Application of Bargmann transform in the study of affine heat kernel transform

Consider the differential operator

$$\begin{aligned} \Delta _{a,b} = \Big (\frac{d^2}{dt^2} + \frac{4\pi ia}{b}t\frac{d}{dt} - \frac{4\pi ^2a^2t^2}{b^2} + \frac{2\pi ia}{b}I\Big ), \ t>0,\ a,b\in {\mathbb {R}}, \end{aligned}$$

where I is the identity operator. The operator \(\Delta _{a,b}\) is known as affine Laplacian. We consider the heat equation associated to the operator \(\Delta _{a,b}\) with initial condition f from \(L^2({\mathbb {R}}^n)\). Its solution is denoted by \(e^{t\Delta _{a,b}}f\). The transform \(f \mapsto e^{t\Delta _{a,b}}f\) is called affine heat kernel transform (or A-heat kernel transform).
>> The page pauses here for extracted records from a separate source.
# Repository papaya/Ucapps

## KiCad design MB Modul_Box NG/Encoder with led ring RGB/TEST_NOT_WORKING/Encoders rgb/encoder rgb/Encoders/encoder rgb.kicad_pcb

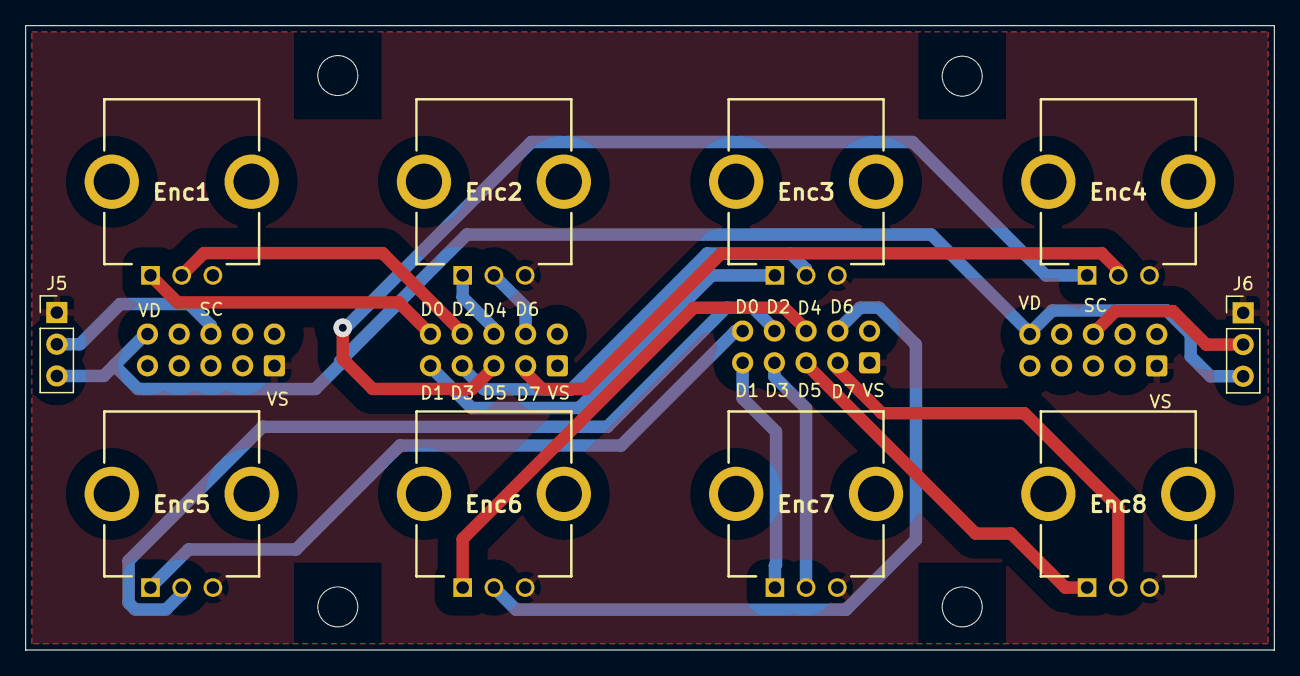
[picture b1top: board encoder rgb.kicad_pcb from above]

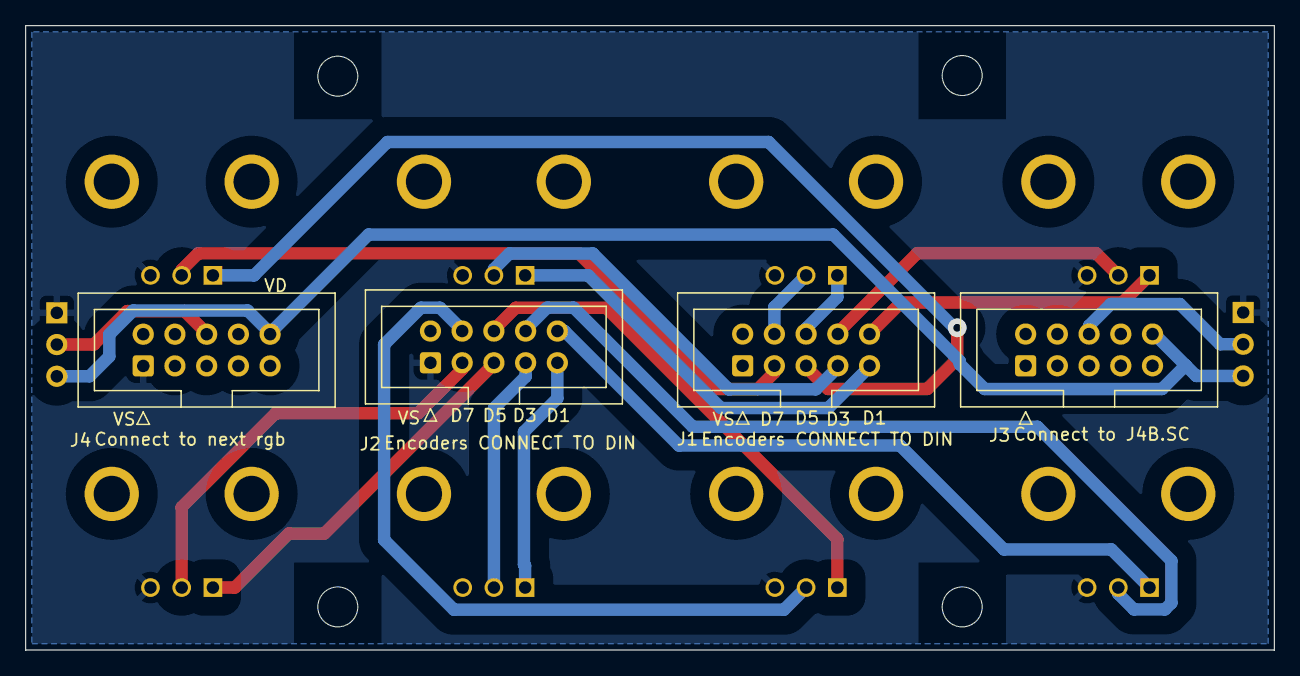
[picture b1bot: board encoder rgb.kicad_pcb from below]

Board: 2 copper layers, 100.0 x 50.0 mm, 18 parts (4 on the bottom side), 20 nets.

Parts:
Enc1, Enc2, Enc3, Enc4, Enc5, Enc6, Enc7, Enc8: RotaryEncoder; EC12E24204A8
H1, H2, H3, H4: MountingHole; MountingHole_3.2mm_M3
J1, J2, J3, J4: IDC-Header_2x05_P2.54mm_Vertical
J5, J6: Conn_01x03; PinHeader_1x03_P2.54mm_Vertical

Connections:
+5V: J3.10 (VD), J4.10 (VD), J5.3, J6.3
GND: Enc1.C, Enc2.C, Enc3.C, Enc4.C, Enc5.C, Enc6.C, Enc7.C, Enc8.C, J1.1 (vss), J2.1 (vss), J3.1 (vss), J4.1 (vss), J5.1, J6.1
unnamed: Enc1.A, J1.10 (D0)
unnamed: Enc3.A, J1.9 (D1)
unnamed: Enc1.B, J1.8 (D2)
unnamed: Enc3.B, J1.7 (D3)
unnamed: Enc2.A, J1.6 (D4)
unnamed: Enc4.A, J1.5 (D5)
unnamed: Enc2.B, J1.4 (D6)
unnamed: Enc4.B, J1.3 (D7)
unnamed: Enc5.A, J2.10 (D0)
unnamed: Enc7.A, J2.9 (D1)
unnamed: Enc5.B, J2.8 (D2)
unnamed: Enc7.B, J2.7 (D3)
unnamed: Enc6.A, J2.6 (D4)
unnamed: Enc8.A, J2.5 (D5)
unnamed: Enc6.B, J2.4 (D6)
unnamed: Enc8.B, J2.3 (D7)
unnamed: J3.6 (SC), J5.2
unnamed: J4.6 (SC), J6.2

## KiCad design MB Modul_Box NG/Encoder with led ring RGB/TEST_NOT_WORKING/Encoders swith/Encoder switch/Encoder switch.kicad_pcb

In this article, we consider (analytically extended) affine heat kernel transform and characterize the image of \(\displaystyle L^2({\mathbb {R}})\) under it as a weighted Bergman space of analytic functions on \({\mathbb {C}}\) with nonnegative weight. Consequently, we study \(L^p\)-boundedness of affine heat kernel transform, \(L^p\)-boundedness of affine Bargmann projection and related duality results. Moreover, we define affine Weyl translations and characterize the maximal and minimal spaces of analytic functions on \({\mathbb {C}}\) which are invariant under the affine Weyl translations.